Regardless of what you may have been told or taught about African Americans, once you visit this museum, you will have a greater appreciation and respect for African Americans. This museum can help our White counterparts understand our often dire situations in this country and help more of the good hearted and well-meaning people continue in their struggle advocating for full citizenship for African Americans. There’s no doubt that African Americans in this country have been trivialized, neglected, and oppressed. This monument can be a contributing symbol for recognizing and valuing the importance of African Americans.

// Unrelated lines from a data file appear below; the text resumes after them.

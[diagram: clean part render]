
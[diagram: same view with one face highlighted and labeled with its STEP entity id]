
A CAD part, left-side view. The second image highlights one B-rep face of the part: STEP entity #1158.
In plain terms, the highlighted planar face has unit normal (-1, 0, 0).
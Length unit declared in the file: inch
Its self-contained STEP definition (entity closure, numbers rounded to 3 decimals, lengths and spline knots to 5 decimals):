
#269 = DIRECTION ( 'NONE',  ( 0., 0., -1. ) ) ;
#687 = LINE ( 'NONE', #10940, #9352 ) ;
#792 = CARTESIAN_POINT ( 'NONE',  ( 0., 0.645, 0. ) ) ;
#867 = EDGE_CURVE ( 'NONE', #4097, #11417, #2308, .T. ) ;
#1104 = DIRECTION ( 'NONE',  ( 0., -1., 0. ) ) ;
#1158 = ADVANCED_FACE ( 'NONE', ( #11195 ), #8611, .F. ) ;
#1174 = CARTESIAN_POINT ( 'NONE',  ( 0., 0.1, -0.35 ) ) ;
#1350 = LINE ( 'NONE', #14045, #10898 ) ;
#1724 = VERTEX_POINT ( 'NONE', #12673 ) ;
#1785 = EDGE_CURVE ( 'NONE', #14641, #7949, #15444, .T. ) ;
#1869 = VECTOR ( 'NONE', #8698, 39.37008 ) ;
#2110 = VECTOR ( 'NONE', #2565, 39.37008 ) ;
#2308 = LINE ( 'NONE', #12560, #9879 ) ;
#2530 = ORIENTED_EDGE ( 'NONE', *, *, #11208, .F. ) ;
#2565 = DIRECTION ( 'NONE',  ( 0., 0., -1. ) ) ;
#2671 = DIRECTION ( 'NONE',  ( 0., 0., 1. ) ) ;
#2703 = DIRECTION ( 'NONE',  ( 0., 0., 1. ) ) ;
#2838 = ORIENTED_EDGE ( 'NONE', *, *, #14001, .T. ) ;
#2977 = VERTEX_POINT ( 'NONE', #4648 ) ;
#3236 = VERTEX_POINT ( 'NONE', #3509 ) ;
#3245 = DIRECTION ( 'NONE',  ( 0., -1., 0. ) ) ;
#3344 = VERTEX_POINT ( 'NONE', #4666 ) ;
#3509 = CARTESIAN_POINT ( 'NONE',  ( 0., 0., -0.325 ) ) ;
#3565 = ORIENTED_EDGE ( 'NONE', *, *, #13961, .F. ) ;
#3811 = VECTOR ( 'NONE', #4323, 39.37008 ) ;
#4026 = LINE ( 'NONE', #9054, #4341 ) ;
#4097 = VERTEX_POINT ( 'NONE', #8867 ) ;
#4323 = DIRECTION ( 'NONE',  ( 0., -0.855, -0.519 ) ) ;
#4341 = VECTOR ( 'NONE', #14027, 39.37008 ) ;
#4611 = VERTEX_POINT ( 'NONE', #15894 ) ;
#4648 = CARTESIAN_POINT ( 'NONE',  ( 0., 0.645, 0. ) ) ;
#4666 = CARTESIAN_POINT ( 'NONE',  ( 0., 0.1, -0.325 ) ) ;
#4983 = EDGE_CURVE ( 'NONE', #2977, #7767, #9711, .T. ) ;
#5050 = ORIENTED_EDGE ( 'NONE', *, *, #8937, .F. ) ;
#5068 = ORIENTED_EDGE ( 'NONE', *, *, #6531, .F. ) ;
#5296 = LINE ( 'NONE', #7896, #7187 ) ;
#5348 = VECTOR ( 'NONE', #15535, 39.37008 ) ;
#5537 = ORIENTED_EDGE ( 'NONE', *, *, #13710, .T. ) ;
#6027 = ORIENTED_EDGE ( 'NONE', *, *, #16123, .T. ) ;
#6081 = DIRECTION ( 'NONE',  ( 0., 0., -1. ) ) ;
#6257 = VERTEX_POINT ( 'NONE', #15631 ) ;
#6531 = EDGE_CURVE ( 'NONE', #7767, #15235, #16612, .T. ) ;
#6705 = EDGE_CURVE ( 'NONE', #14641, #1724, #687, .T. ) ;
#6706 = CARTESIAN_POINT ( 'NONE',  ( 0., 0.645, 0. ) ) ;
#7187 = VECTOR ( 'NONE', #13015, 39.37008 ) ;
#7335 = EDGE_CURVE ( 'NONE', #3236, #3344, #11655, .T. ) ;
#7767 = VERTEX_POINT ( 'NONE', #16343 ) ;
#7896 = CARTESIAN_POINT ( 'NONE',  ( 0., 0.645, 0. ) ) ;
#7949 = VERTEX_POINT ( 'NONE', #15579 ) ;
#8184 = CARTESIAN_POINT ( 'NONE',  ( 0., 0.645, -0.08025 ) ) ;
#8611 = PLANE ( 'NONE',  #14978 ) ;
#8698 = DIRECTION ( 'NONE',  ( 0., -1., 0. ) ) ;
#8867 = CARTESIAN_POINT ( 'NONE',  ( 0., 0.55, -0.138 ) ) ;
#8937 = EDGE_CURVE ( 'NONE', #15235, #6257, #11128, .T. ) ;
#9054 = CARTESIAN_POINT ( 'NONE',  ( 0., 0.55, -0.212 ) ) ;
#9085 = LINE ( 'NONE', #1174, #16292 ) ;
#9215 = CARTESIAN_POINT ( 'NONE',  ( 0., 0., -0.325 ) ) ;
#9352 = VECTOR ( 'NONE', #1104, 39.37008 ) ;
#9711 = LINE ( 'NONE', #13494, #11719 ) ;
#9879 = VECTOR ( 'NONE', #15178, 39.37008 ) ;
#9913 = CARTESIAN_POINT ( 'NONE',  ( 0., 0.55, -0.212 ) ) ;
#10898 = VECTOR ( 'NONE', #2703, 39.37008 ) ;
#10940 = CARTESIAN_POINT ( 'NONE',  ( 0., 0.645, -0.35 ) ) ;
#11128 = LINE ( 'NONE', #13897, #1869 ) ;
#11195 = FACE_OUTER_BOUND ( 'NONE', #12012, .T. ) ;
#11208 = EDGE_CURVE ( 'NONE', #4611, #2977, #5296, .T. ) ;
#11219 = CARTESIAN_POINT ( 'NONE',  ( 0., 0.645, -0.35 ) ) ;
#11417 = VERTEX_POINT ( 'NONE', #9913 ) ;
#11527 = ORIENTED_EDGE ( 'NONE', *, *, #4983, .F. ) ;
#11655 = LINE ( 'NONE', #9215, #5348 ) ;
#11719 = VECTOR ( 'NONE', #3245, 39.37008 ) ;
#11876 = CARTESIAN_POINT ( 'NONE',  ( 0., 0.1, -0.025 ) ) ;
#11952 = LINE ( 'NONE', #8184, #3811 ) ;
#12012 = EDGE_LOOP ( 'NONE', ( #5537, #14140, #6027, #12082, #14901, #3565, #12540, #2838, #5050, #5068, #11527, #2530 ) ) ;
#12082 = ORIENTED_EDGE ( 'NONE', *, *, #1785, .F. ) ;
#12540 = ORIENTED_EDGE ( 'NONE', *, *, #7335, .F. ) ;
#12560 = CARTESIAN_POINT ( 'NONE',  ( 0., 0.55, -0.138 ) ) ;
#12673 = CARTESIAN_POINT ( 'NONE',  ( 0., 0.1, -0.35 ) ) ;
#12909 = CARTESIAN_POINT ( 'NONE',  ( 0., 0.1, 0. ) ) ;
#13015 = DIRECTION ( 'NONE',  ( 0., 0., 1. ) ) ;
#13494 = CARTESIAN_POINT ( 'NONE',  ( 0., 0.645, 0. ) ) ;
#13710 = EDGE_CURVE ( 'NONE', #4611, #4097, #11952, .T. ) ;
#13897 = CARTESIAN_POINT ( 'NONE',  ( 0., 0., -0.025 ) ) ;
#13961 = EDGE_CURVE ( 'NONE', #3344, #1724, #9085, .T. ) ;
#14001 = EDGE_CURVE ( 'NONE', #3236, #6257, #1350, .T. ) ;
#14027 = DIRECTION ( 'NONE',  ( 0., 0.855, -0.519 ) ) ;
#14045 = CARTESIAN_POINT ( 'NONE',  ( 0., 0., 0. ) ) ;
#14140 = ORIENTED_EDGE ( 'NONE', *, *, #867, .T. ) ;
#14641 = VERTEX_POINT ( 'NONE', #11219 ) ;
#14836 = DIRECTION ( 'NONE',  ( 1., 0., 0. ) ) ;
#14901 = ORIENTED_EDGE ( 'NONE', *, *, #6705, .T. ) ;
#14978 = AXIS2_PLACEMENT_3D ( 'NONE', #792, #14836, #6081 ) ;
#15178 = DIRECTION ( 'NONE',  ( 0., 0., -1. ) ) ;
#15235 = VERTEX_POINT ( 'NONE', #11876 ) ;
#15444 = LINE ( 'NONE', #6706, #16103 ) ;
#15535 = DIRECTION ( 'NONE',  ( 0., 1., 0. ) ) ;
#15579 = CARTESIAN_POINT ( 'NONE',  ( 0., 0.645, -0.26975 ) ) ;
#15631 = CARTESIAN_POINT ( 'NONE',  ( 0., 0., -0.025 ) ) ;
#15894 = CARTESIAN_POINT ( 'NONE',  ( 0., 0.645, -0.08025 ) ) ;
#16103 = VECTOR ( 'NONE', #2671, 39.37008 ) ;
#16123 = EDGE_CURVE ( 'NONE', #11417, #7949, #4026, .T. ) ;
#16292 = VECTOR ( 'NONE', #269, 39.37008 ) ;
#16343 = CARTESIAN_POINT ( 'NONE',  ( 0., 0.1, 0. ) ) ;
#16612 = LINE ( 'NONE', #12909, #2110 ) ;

It is of the utmost importance that African Americans who are unaware of their history make it mandatory to learn their history to understand where they have been, why they are where they are now, and what they need to do to go forward in a positive productive manner. The key to understanding your present situation lies in evaluating your past. This museum can serve as a major tool.

The museum is located on the National Mall in Washington D.C., which can only add to it visibility and importance. It should be a must-see site, explored by all American citizens as well as those visiting from abroad. While it has been a long time in coming, it is a blessing for the country in recognizing that Black history and culture is intertwined in all our history.

It is about time a long-suffering, proud people of beauty, intellect and spirituality are catapulted to their rightful place of respect and recognition. Our story and experience in America also validates our right to reparations. Compensation for wrongs committed toward African slaves and their descendants is necessary for America to truly go forward. This museum will help people understand the need of this country to rectify a great wrong.